HOW TO COMPLETE THIS TASK:
The lines to be copied are those below that contain "part".

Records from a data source
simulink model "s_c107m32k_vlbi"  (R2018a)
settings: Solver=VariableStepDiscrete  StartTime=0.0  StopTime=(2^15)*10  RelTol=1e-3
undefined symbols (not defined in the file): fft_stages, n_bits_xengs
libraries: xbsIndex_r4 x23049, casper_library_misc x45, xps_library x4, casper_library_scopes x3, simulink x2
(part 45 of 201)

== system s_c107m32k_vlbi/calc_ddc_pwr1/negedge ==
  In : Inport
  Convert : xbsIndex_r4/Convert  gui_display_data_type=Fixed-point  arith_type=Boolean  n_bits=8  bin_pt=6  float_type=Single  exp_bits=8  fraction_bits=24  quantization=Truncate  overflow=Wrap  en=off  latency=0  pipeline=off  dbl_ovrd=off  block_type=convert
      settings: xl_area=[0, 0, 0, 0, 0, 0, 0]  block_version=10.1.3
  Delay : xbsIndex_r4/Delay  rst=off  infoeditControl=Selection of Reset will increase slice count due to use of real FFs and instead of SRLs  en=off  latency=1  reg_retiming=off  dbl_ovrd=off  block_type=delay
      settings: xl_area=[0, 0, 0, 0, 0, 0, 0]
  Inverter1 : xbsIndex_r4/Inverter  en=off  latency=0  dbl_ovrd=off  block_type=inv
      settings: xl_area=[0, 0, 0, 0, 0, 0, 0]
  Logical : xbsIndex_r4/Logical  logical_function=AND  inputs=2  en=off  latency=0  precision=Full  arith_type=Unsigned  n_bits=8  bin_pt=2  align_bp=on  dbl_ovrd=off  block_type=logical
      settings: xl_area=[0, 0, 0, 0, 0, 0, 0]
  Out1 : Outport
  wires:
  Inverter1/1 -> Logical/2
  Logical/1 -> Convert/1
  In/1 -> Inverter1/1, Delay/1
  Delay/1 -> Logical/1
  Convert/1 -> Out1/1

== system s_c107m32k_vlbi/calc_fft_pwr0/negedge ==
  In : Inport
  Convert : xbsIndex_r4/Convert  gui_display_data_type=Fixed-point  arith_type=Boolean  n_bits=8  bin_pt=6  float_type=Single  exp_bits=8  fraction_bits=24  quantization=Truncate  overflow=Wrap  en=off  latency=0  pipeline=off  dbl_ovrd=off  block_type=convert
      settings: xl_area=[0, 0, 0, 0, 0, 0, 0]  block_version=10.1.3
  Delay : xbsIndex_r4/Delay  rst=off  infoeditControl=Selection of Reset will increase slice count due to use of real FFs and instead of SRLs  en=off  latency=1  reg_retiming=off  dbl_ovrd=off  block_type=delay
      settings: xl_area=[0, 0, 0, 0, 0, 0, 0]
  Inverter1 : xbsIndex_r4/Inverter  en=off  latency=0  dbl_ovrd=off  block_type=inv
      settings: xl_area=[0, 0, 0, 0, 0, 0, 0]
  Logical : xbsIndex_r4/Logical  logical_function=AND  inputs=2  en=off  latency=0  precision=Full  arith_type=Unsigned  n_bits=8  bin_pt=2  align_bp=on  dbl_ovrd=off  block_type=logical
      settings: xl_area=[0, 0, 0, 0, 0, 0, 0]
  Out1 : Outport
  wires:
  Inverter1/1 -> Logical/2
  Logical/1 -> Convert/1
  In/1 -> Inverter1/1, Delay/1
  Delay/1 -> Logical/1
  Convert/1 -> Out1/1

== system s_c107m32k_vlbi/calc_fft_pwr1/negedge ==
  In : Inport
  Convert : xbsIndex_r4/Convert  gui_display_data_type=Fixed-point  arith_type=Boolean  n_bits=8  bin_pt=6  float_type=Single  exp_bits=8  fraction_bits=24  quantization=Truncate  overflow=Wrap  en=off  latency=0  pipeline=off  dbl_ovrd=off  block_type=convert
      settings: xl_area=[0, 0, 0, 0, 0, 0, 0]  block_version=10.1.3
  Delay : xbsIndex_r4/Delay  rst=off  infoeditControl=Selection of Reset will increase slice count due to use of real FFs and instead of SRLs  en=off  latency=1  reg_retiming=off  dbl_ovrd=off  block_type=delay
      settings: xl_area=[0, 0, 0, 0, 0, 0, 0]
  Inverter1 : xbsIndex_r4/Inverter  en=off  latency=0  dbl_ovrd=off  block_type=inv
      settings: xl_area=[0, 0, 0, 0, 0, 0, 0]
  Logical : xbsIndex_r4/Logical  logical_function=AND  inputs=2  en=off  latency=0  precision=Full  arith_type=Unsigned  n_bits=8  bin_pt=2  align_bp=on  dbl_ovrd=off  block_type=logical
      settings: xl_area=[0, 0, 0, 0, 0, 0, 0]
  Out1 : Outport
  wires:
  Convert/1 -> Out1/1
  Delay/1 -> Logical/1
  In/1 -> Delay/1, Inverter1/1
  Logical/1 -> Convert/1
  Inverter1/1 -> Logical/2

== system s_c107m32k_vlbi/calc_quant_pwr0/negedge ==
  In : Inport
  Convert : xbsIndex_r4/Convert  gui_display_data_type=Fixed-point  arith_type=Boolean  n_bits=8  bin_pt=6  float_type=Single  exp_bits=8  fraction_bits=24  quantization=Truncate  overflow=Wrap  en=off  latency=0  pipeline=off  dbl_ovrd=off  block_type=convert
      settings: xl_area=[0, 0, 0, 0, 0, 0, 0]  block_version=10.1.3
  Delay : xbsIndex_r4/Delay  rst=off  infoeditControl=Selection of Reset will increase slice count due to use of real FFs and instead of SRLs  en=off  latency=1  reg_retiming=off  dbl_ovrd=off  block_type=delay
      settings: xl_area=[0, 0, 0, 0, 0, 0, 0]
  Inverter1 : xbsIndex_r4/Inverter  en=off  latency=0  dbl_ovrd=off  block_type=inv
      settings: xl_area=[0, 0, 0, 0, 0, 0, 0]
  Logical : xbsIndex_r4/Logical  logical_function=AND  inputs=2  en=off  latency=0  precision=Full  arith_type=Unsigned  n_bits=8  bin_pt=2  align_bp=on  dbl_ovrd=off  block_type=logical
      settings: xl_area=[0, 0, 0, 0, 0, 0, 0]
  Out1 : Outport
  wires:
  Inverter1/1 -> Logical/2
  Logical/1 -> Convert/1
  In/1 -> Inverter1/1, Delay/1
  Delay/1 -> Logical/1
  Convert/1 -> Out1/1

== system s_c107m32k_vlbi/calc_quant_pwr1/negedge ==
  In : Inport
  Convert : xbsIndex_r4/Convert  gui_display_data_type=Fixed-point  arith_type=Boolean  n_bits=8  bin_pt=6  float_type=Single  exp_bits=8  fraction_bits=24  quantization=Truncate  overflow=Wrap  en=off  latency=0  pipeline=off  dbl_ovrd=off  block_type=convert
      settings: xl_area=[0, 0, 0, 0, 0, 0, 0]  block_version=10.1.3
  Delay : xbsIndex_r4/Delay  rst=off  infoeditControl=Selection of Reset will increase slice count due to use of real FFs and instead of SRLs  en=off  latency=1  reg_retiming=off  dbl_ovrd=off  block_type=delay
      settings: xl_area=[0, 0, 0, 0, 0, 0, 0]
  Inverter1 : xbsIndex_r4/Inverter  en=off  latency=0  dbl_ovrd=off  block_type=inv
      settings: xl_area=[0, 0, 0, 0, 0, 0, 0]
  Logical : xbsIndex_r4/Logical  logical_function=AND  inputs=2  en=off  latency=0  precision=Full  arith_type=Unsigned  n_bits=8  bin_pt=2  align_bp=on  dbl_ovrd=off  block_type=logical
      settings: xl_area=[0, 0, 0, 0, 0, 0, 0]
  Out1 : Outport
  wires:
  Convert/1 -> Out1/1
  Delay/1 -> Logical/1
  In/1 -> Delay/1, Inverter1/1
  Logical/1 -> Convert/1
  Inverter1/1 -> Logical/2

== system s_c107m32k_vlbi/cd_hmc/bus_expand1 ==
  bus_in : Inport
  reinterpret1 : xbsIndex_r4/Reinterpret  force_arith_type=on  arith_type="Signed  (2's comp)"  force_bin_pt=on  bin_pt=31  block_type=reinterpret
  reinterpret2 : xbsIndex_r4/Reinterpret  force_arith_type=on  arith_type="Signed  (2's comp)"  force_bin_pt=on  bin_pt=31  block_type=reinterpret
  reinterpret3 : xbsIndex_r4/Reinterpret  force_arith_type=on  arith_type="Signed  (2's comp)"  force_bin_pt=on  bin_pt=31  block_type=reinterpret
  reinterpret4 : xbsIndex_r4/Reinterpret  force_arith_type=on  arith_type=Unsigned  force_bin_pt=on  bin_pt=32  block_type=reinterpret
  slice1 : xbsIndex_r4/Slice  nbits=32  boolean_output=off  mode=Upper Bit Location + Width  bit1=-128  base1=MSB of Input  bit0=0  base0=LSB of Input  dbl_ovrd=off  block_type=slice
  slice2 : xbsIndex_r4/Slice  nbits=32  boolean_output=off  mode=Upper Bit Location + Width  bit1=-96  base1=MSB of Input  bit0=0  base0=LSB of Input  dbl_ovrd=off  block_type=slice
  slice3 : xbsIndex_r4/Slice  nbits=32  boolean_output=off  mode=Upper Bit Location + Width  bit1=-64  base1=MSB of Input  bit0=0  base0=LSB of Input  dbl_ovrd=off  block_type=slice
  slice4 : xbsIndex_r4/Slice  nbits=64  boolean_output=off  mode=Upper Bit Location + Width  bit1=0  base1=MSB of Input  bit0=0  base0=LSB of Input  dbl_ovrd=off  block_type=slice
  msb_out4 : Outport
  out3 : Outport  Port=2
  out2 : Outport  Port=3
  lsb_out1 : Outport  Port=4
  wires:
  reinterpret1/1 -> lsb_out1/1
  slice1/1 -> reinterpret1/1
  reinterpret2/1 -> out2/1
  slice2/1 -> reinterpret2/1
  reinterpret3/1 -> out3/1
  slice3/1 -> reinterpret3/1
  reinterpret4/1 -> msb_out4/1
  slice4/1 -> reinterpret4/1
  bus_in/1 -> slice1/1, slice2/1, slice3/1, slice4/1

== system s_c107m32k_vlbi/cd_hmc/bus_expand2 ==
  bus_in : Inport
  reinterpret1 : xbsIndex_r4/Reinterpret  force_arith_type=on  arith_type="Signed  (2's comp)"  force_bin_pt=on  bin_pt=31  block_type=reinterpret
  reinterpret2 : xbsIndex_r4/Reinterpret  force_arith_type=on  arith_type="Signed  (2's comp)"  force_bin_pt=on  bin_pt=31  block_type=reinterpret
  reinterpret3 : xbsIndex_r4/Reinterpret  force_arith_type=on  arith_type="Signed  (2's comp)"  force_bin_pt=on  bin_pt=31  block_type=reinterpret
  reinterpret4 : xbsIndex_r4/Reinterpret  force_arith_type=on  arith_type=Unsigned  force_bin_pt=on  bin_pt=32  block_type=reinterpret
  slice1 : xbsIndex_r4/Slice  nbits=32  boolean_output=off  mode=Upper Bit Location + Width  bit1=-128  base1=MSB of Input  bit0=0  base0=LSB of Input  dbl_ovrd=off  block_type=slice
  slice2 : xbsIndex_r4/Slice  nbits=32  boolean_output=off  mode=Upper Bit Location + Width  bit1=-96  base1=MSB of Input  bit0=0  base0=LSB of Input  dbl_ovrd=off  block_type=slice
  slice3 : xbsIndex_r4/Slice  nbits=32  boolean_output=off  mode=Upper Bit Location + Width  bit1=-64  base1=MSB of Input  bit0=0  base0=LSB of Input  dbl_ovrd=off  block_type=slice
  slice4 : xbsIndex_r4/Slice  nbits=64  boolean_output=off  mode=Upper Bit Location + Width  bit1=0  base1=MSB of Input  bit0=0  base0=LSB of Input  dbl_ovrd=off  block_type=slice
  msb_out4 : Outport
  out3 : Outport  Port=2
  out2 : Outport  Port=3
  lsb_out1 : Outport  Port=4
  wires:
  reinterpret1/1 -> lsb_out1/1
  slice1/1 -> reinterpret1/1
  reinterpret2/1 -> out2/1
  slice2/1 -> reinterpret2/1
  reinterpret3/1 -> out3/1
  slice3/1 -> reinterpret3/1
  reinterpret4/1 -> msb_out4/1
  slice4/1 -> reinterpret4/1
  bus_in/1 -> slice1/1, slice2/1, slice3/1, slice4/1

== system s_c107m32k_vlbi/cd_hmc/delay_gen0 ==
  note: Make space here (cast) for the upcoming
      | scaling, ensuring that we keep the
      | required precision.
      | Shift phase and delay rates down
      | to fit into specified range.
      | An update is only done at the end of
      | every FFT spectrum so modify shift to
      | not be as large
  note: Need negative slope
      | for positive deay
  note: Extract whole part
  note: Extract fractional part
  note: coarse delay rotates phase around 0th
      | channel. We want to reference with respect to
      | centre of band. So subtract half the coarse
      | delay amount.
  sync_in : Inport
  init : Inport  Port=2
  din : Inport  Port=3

WRITTEN ANSWER:
(part 45 of 201)
  note: Extract whole part
  note: Extract fractional part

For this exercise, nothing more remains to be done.